Publicly traded railway companies such as the nation’s two biggest rail builders -- China Railway Group Ltd. (601390) and China Railway Construction Corp. -- as well as train maker CSR Corp., are likely to benefit from reduced bureaucracy, improved transparency, tariff hikes at the newly established China Railway Corp., Barclays Plc analysts led by Patrick Xu said in a note to clients yesterday.
“We view the reform positively,” the analysts said. “We expect it will be easier for China Railway Corp. to restructure its assets and debt as an incorporated company than the Ministry of Railways, providing increased flexibility to the funding of railway projects.”
The reform may pave way for more flexible, market-driven pricing and assets consolidation, benefiting the two main listed rail operators Daqin Railway Co. and Guangshen Railway Co., Goldman Sachs Group Inc. analysts led by Ronald Keung said in a note today.
Guangshen Railway gained 1.9 percent to close at 3.26 yuan in Shanghai trading today, the highest level since Feb. 20. Daqin Railway gained 0.8 percent to 7.77 yuan in Shanghai.
China Railway climbed 0.7 percent to close at 3.07 yuan in Shanghai and China Railway Construction dropped 0.2 percent. CSR Corp was up 0.9 percent to close at 4.75 yuan.
The rail ministry sold a record 164 billion yuan of bonds last year, helping it settle unpaid bills with train and track makers as the government boosted investment to spur GDP growth. China’s rail network is set to reach 120,000 kilometers (74,600 miles) under the five-year plan ending in 2015.

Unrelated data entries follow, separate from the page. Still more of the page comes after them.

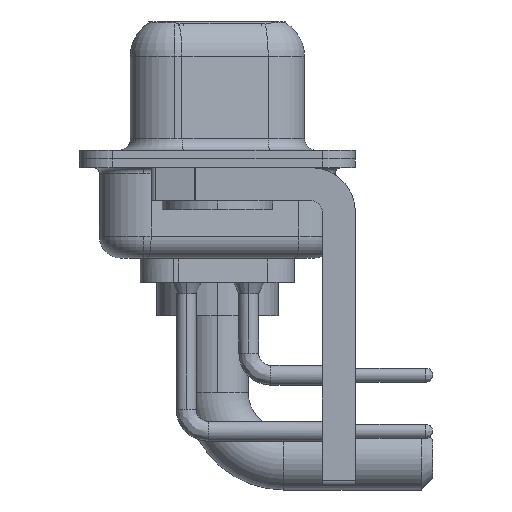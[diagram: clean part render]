
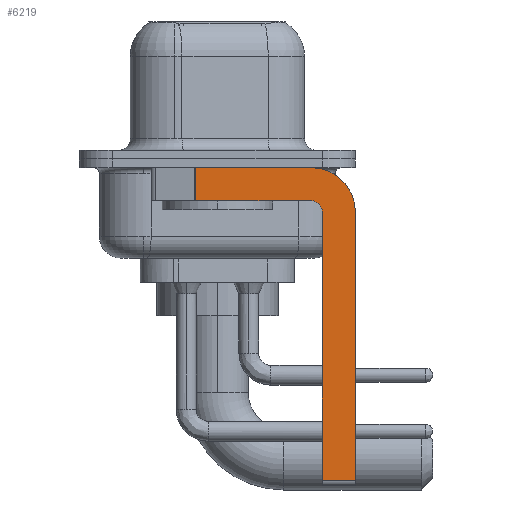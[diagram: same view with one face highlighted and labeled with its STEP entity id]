
A CAD part, left-side view. The second image highlights one B-rep face of the part: STEP entity #6219.
In plain terms, the highlighted planar face has unit normal (-1, 0, 0).
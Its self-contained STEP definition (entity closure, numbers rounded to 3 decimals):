
#485 = VECTOR ( 'NONE', #1967, 1000. ) ;
#554 = VERTEX_POINT ( 'NONE', #7601 ) ;
#885 = ORIENTED_EDGE ( 'NONE', *, *, #5072, .T. ) ;
#1052 = VERTEX_POINT ( 'NONE', #3759 ) ;
#1460 = VERTEX_POINT ( 'NONE', #14132 ) ;
#1617 = ORIENTED_EDGE ( 'NONE', *, *, #12155, .F. ) ;
#1646 = LINE ( 'NONE', #14426, #9152 ) ;
#1848 = VERTEX_POINT ( 'NONE', #10569 ) ;
#1865 = LINE ( 'NONE', #16622, #485 ) ;
#1880 = ORIENTED_EDGE ( 'NONE', *, *, #6932, .T. ) ;
#1967 = DIRECTION ( 'NONE',  ( 0., 0., -1. ) ) ;
#2126 = VERTEX_POINT ( 'NONE', #2482 ) ;
#2168 = EDGE_LOOP ( 'NONE', ( #1617, #1880, #3471, #17481, #18854, #885, #12555, #5843 ) ) ;
#2344 = CARTESIAN_POINT ( 'NONE',  ( -2.9, -4.25, -14.55 ) ) ;
#2482 = CARTESIAN_POINT ( 'NONE',  ( -2.9, 0.978, -1.9 ) ) ;
#2542 = VERTEX_POINT ( 'NONE', #6362 ) ;
#3471 = ORIENTED_EDGE ( 'NONE', *, *, #17208, .F. ) ;
#3759 = CARTESIAN_POINT ( 'NONE',  ( -2.9, -4.25, -1.9 ) ) ;
#3771 = AXIS2_PLACEMENT_3D ( 'NONE', #12135, #7700, #10940 ) ;
#4412 = AXIS2_PLACEMENT_3D ( 'NONE', #8734, #5780, #8636 ) ;
#4983 = VERTEX_POINT ( 'NONE', #11198 ) ;
#5072 = EDGE_CURVE ( 'NONE', #13716, #4983, #11842, .T. ) ;
#5310 = EDGE_CURVE ( 'NONE', #554, #1052, #16010, .T. ) ;
#5485 = DIRECTION ( 'NONE',  ( 0., -1., 0. ) ) ;
#5699 = DIRECTION ( 'NONE',  ( 0., 0., -1. ) ) ;
#5780 = DIRECTION ( 'NONE',  ( 1., 0., 0. ) ) ;
#5843 = ORIENTED_EDGE ( 'NONE', *, *, #18287, .F. ) ;
#6219 = ADVANCED_FACE ( 'NONE', ( #16298 ), #8918, .F. ) ;
#6362 = CARTESIAN_POINT ( 'NONE',  ( -2.9, -4.25, -0.4 ) ) ;
#6467 = CARTESIAN_POINT ( 'NONE',  ( -2.9, 3., -0.4 ) ) ;
#6587 = LINE ( 'NONE', #18295, #17170 ) ;
#6932 = EDGE_CURVE ( 'NONE', #1848, #2126, #1646, .T. ) ;
#7068 = VECTOR ( 'NONE', #16980, 1000. ) ;
#7601 = CARTESIAN_POINT ( 'NONE',  ( -2.9, -4.75, -2.4 ) ) ;
#7700 = DIRECTION ( 'NONE',  ( -1., 0., 0. ) ) ;
#8522 = LINE ( 'NONE', #16202, #16398 ) ;
#8636 = DIRECTION ( 'NONE',  ( 0., 0., -1. ) ) ;
#8734 = CARTESIAN_POINT ( 'NONE',  ( -2.9, -4.25, -2.4 ) ) ;
#8775 = VECTOR ( 'NONE', #5485, 1000. ) ;
#8918 = PLANE ( 'NONE',  #4412 ) ;
#9152 = VECTOR ( 'NONE', #18755, 1000. ) ;
#10320 = CARTESIAN_POINT ( 'NONE',  ( -2.9, -4.25, -2.4 ) ) ;
#10569 = CARTESIAN_POINT ( 'NONE',  ( -2.9, 0.978, -0.4 ) ) ;
#10940 = DIRECTION ( 'NONE',  ( 0., 0., 1. ) ) ;
#11198 = CARTESIAN_POINT ( 'NONE',  ( -2.9, -6.25, -14.55 ) ) ;
#11389 = DIRECTION ( 'NONE',  ( 0., 1., 0. ) ) ;
#11842 = LINE ( 'NONE', #2344, #8775 ) ;
#12135 = CARTESIAN_POINT ( 'NONE',  ( -2.9, -4.25, -2.4 ) ) ;
#12155 = EDGE_CURVE ( 'NONE', #1848, #2542, #18094, .T. ) ;
#12555 = ORIENTED_EDGE ( 'NONE', *, *, #13465, .F. ) ;
#13465 = EDGE_CURVE ( 'NONE', #1460, #4983, #1865, .T. ) ;
#13716 = VERTEX_POINT ( 'NONE', #14043 ) ;
#14043 = CARTESIAN_POINT ( 'NONE',  ( -2.9, -4.75, -14.55 ) ) ;
#14132 = CARTESIAN_POINT ( 'NONE',  ( -2.9, -6.25, -2.4 ) ) ;
#14426 = CARTESIAN_POINT ( 'NONE',  ( -2.9, 0.978, -1.9 ) ) ;
#14751 = EDGE_CURVE ( 'NONE', #13716, #554, #6587, .T. ) ;
#15487 = AXIS2_PLACEMENT_3D ( 'NONE', #10320, #19167, #5699 ) ;
#16010 = CIRCLE ( 'NONE', #3771, 0.5 ) ;
#16202 = CARTESIAN_POINT ( 'NONE',  ( -2.9, -4.25, -1.9 ) ) ;
#16298 = FACE_OUTER_BOUND ( 'NONE', #2168, .T. ) ;
#16398 = VECTOR ( 'NONE', #11389, 1000. ) ;
#16622 = CARTESIAN_POINT ( 'NONE',  ( -2.9, -6.25, -2.4 ) ) ;
#16980 = DIRECTION ( 'NONE',  ( 0., -1., 0. ) ) ;
#17170 = VECTOR ( 'NONE', #18491, 1000. ) ;
#17208 = EDGE_CURVE ( 'NONE', #1052, #2126, #8522, .T. ) ;
#17481 = ORIENTED_EDGE ( 'NONE', *, *, #5310, .F. ) ;
#18094 = LINE ( 'NONE', #6467, #7068 ) ;
#18287 = EDGE_CURVE ( 'NONE', #2542, #1460, #19265, .T. ) ;
#18295 = CARTESIAN_POINT ( 'NONE',  ( -2.9, -4.75, -14.8 ) ) ;
#18491 = DIRECTION ( 'NONE',  ( 0., 0., 1. ) ) ;
#18755 = DIRECTION ( 'NONE',  ( 0., 0., -1. ) ) ;
#18854 = ORIENTED_EDGE ( 'NONE', *, *, #14751, .F. ) ;
#19167 = DIRECTION ( 'NONE',  ( 1., 0., 0. ) ) ;
#19265 = CIRCLE ( 'NONE', #15487, 2. ) ;

Borrowing costs for the ministry have fallen recently, hitting a seven-month low at end of February, amid speculation that the authority would be merged with the transportation ministry.
The government will study the existing debt and deal with it “seriously and appropriately,” Sheng told reporters in Beijing yesterday. The debt may be categorized by whether it involves railways for public use or commercial use, he said.
China may also award an order for bullet trains this month or next as the orders originally scheduled by the end of last year were withheld temporarily because of the leadership transition and the reform, Karen Li, an analyst with JPMorgan Chase & Co. said in a note yesterday.
“The change will improve transparency and raise the quality of fundraising,” Jia Kang, director of the finance ministry’s fiscal-science research institute, said in Beijing yesterday.
China has the world’s biggest high-speed rail network after opening a bullet train line linking two of its biggest cities, Beijing and Shanghai, and another linking the capital with Guangzhou, the capital of southern Guangdong province. Sheng said in January that the railways aim to spend 650 billion yuan on rail-related fixed-asset investment this year.
The rail ministry was already downsized in previous rounds of government restructuring, with hundreds of schools and hospitals it controlled being handed over to local governments.